In this study, we chose glycolysis that is a crucial metabolic pathway and its upregulation is correlated with diseases like cancer [9,10]. Nearly all living organisms carry out glycolysis as a part of cellular metabolism. One of the most intensively studied organisms in the context of, among others, glycolysis is Saccharomyces cerevisiae species, also known as baker’s yeast [11,12,13,14,15]. We applied our optimization framework to a model of glycolysis in yeast proposed in [16]. This model contains lumped reactions of the glycolytic pathway and includes production of glycerol, fermentation to ethanol and exchange of acetaldehyde between the cells, and trapping of acetaldehyde by cyanide.

The contribution of the paper is threefold:

• We provide a population-based optimization framework for parameter identification and showcase its performance on the example of the glycolysis of Saccharomyces cerevisiae, one of the most studied species in biology.
• We analyze the performance of the population-based optimization framework in the considered problem and indicate its high potential for future research.
• We extend the Python framework PySCeS [7] by implementing the population-based optimization methods (four methods known in the literature, and two new methods) in Python. The code for the methods together with the experiments is available online: https://github.com/jmtomczak/popi4sb.

2. Materials and Methods

2.1. Derivative-Free Optimization

We consider an optimization problem of a function $f:\mathbb{X}\to \mathbb{R}$, where $\mathbb{X}\subseteq {\mathbb{R}}^D$ is the search space. In this paper we focus on the minimization problem, namely:

$${\mathbf{x}}^{*}=arg\underset{\mathbf{x}\in \mathbb{X}}{min}f(\mathbf{x};\mathcal{D}),$$

(1)

where $\mathcal{D}$ denotes observed data.

Further, we assume that the analytical form of the function f is unknown or cannot be used to calculate derivatives, however, we can query it through a simulation or experimental measurements. Problems of this sort are known as derivative-free or black-box (In general, a black-box problem means that a formal description of a problem is unknown, however, very often non-differentiable problems with known mathematical representation (e.g., differential equations) are treated as black-box) optimization problems [5,17]. Additionally, we consider a bounded search space, i.e., we include inequality constraints for all dimensions in the following form: $l_d\le x_d\le u_d$, where $l_d,u_d\in \mathbb{R}$ and $l_d<u_d$, for $d=1,2,\dots ,D$.

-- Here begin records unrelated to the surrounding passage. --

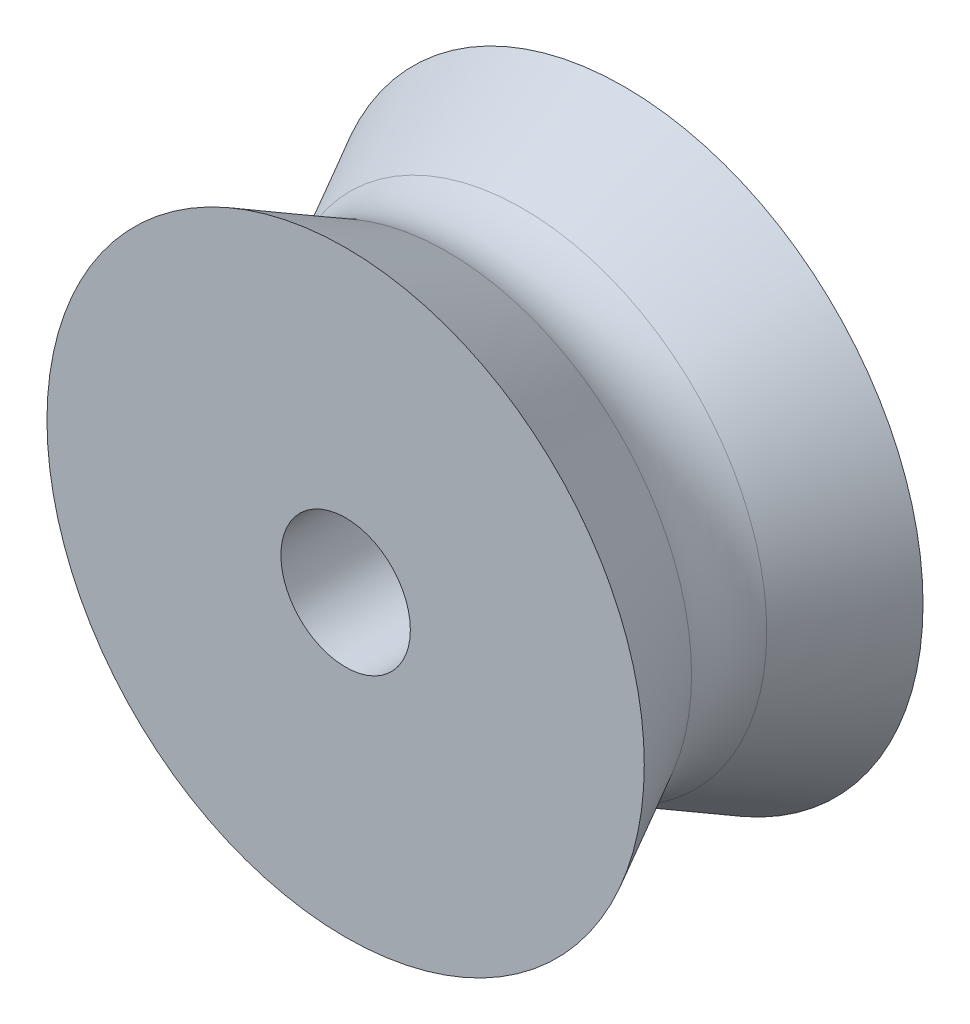
SolidWorks part; units mm, degrees
ref_plane "Front Plane" through (0, 0, 0) normal (0, 0, 1) x (1, 0, 0)
ref_plane "Top Plane" through (0, 0, 0) normal (0, 1, 0) x (1, 0, 0)
ref_plane "Right Plane" through (0, 0, 0) normal (1, 0, 0) x (0, 0, -1)
sketch "Sketch4" plane through (0, 0, 0) normal (0, 1, 0) x (1, 0, 0)
  line L0 (0, 0) -> (0, 22394.6975) construction
  line L1 (3.25, 0) -> (3.25, 14)
  line L2 (3.25, 14) -> (15, 14)
  line L3 (15, 14) -> (12.2619, 8.8889)
  line L4 (12.2619, 5.1111) -> (15, 0)
  line L5 (15, 0) -> (3.25, 0)
  arc A0 (12.2619, 8.8889) -> (12.2619, 5.1111) centre (15.7878, 7) ccw
  point P5 (15, 5)
  point P9 (12.98, 6.4302)
  point P10 (0, 0)
  point P11 (3.25, 7)
  point P14 (11.25, 7)
  dimension "D6" = 4
  dimension "D1" = 3.25
  dimension "D2" = 15
  dimension "D3" = 14
  dimension "D4" = 15
  dimension "D5" = 8
revolve "Revolve1" add sketch "Sketch4" angle 360 about L0
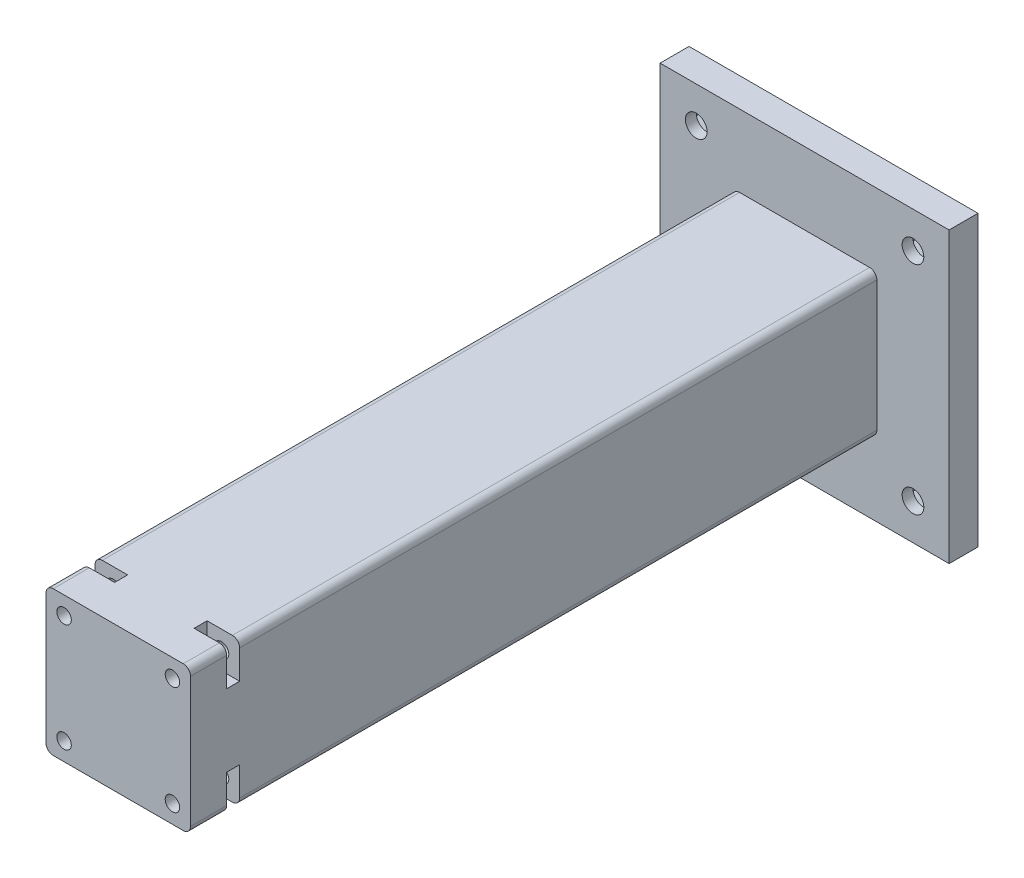
SolidWorks part; units mm, degrees
ref_plane "Plan de face" through (0, 0, 0) normal (0, 0, 1) x (1, 0, 0)
ref_plane "Plan de dessus" through (0, 0, 0) normal (0, 1, 0) x (1, 0, 0)
ref_plane "Plan de droite" through (0, 0, 0) normal (1, 0, 0) x (0, 0, -1)
sketch "Esquisse1" plane through (0, 0, 0) normal (0, 0, 1) x (1, 0, 0)
  line L1 (-20, 20) -> (20, 20)
  line L2 (-20, 20) -> (-20, -20)
  line L3 (-20, -20) -> (20, -20)
  line L4 (20, 20) -> (20, -20)
  dimension "D1" = 20
  dimension "D2" = 40
  dimension "D3" = 20
  dimension "D4" = 40
extrude "Boss.-Extru.1" add sketch "Esquisse1" along normal blind 4
sketch "Esquisse4" plane through (0, 0, 4) normal (0, 0, 1) x (1, 0, 0)
  line L1 (-10, 10) -> (10, 10)
  line L2 (-10, 10) -> (-10, -10)
  line L3 (-10, -10) -> (10, -10)
  line L4 (10, 10) -> (10, -10)
  point P4 (0, 0)
  dimension "D1" = 10
  dimension "D2" = 20
  dimension "D3" = 10
  dimension "D4" = 20
extrude "Boss.-Extru.4" add sketch "Esquisse4" along normal blind 95
fillet "Congé3" radius 1 4 edges at (-10, 10, 51.5) (10, 10, 51.5) (-10, -10, 51.5) (10, -10, 51.5)
sketch "Esquisse5" plane through (0, 0, 99) normal (0, 0, 1) x (1, 0, 0)
  line L0 (9, 10) -> (-9, 10) construction
  line L1 (-10, 9) -> (-10, -9) construction
  line L2 (10, -9) -> (10, 9) construction
  line L3 (-9, -10) -> (9, -10) construction
  circle A0 centre (7.5, 7.5) radius 1
  circle A1 centre (-7.5, 7.5) radius 1
  circle A2 centre (-7.5, -7.5) radius 1
  circle A3 centre (7.5, -7.5) radius 1
  dimension "D1" = 2
  dimension "D2" = 2.5
  dimension "D3" = 2.5
  dimension "D4" = 2.5
  dimension "D5" = 2.5
extrude "Enlèv. mat.-Extru.1" cut sketch "Esquisse5" against normal blind 20
sketch "Esquisse6" plane through (0, -10, 0) normal (0, -1, 0) x (1, 0, 0)
  line L0 (-9, 99) -> (9, 99) construction
  line L1 (-10, 94) -> (-5.5, 94)
  line L2 (-10, 94) -> (-10, 92.2)
  line L3 (-10, 92.2) -> (-5.5, 92.2)
  line L4 (-5.5, 94) -> (-5.5, 92.2)
  line L5 (10, 94) -> (5.5, 94)
  line L6 (10, 94) -> (10, 92.2)
  line L7 (10, 92.2) -> (5.5, 92.2)
  line L8 (5.5, 94) -> (5.5, 92.2)
  line L9 (-10, 4) -> (-10, 99) construction
  line L10 (10, 99) -> (10, 4) construction
  dimension "D2" = 5
  dimension "D3" = 1.8
  dimension "D5" = 4.5
  dimension "D6" = 4.5
extrude "Enlèv. mat.-Extru.2" cut sketch "Esquisse6" against normal blind 5
mirror "Symétrie1" about plane through (0, 0, 0) normal (0, 1, 0) of "Enlèv. mat.-Extru.2"
sketch "Esquisse7" plane through (0, 0, 0) normal (0, 0, -1) x (-1, 0, 0)
  line L0 (20, 20) -> (20, -20) construction
  line L1 (-20, -20) -> (-20, 20) construction
  line L2 (20, -20) -> (-20, -20) construction
  line L3 (-20, 20) -> (20, 20) construction
  line L4 (-9, 10) -> (9, 10) construction
  line L5 (10, 9) -> (10, -9) construction
  circle A0 centre (15, 15) radius 1.5
  circle A1 centre (15, -15) radius 1.5
  circle A2 centre (-15, -15) radius 1.5
  circle A3 centre (-15, 15) radius 1.5
  dimension "D1" = 3
  dimension "D2" = 5
  dimension "D3" = 5
  dimension "D4" = 5
  dimension "D5" = 5
  dimension "D6" = 5
  dimension "D7" = 5
extrude "Enlèv. mat.-Extru.3" cut sketch "Esquisse7" against normal up to surface (4 mm away) up to face at (0, 0, 4)
sketch "Esquisse8" plane through (0, 0, 0) normal (0, 0, -1) x (-1, 0, 0)
  line L0 (-20, -20) -> (-20, 20) construction
  line L1 (-12.2287, 13.4) -> (-12.2287, 16.6)
  line L2 (-12.2287, 16.6) -> (-15, 18.2)
  line L3 (-15, 18.2) -> (-17.7713, 16.6)
  line L4 (-17.7713, 16.6) -> (-17.7713, 13.4)
  line L5 (-17.7713, 13.4) -> (-15, 11.8)
  line L6 (-15, 11.8) -> (-12.2287, 13.4)
  line L7 (15, 11.8) -> (17.7713, 13.4)
  line L8 (17.7713, 13.4) -> (17.7713, 16.6)
  line L9 (17.7713, 16.6) -> (15, 18.2)
  line L10 (15, 18.2) -> (12.2287, 16.6)
  line L11 (12.2287, 16.6) -> (12.2287, 13.4)
  line L12 (12.2287, 13.4) -> (15, 11.8)
  line L13 (15, -18.2) -> (17.7713, -16.6)
  line L14 (17.7713, -16.6) -> (17.7713, -13.4)
  line L15 (17.7713, -13.4) -> (15, -11.8)
  line L16 (15, -11.8) -> (12.2287, -13.4)
  line L17 (12.2287, -13.4) -> (12.2287, -16.6)
  line L18 (12.2287, -16.6) -> (15, -18.2)
  line L19 (-12.2287, -16.6) -> (-12.2287, -13.4)
  line L20 (-12.2287, -13.4) -> (-15, -11.8)
  line L21 (-15, -11.8) -> (-17.7713, -13.4)
  line L22 (-17.7713, -13.4) -> (-17.7713, -16.6)
  line L23 (-17.7713, -16.6) -> (-15, -18.2)
  line L24 (-15, -18.2) -> (-12.2287, -16.6)
  line L25 (20, 20) -> (20, -20) construction
  circle A0 centre (-15, 15) radius 2.7713 construction
  circle A1 centre (15, 15) radius 2.7713 construction
  circle A2 centre (15, -15) radius 2.7713 construction
  circle A3 centre (-15, -15) radius 2.7713 construction
  dimension "D1" = 3.2
  dimension "D2" = 3.2
  dimension "D3" = 3.2
  dimension "D4" = 3.2
extrude "Enlèv. mat.-Extru.4" cut sketch "Esquisse8" against normal blind 2.5

2.2. Population-Based Optimization Methods

One group of widely-used methods for derivative-free optimization problems is population-based optimization algorithms. The idea behind these methods is to use a population of individuals, i.e., a collection of candidate solutions $\mathcal{X}=\{{\mathbf{x}}_1,\dots ,{\mathbf{x}}_N\}$, instead of a single individual in the iterative manner. The premise of utilizing the population over a single candidate solution is to obtain better exploration of the search space and exploiting potential local optima [18,19].

In the essence, every population-based algorithm consists of three following steps that utilize a procedure for generating new individuals G, and a selection procedure S, that is:

• (Init) Initialize $\mathcal{X}=\{{\mathbf{x}}_1,\dots ,{\mathbf{x}}_N\}$ and evaluate all individuals ${\mathcal{F}}_x=\{f_n:f_n=f\left(x_n\right),$$x_n\in \mathcal{X}\}$.
• (Generation) Generate new candidate solutions using the current population, $\mathcal{C}=G(\mathcal{X},{\mathcal{F}}_x)$.
• (Evaluation) Evaluate all candidates solutions:

  $${\mathcal{F}}_c=\{f_n:f_n=f\left(x_n\right),x_n\in \mathcal{C}\}.$$
• (Selection) Select a new population using the candidate solutions and the old population

  $$\mathcal{X}:=S(\mathcal{X},{\mathcal{F}}_x,\mathcal{C},{\mathcal{F}}_c).$$
  Go to Generate or terminate.

An exemplary population-based optimization approach is depicted in Figure 2.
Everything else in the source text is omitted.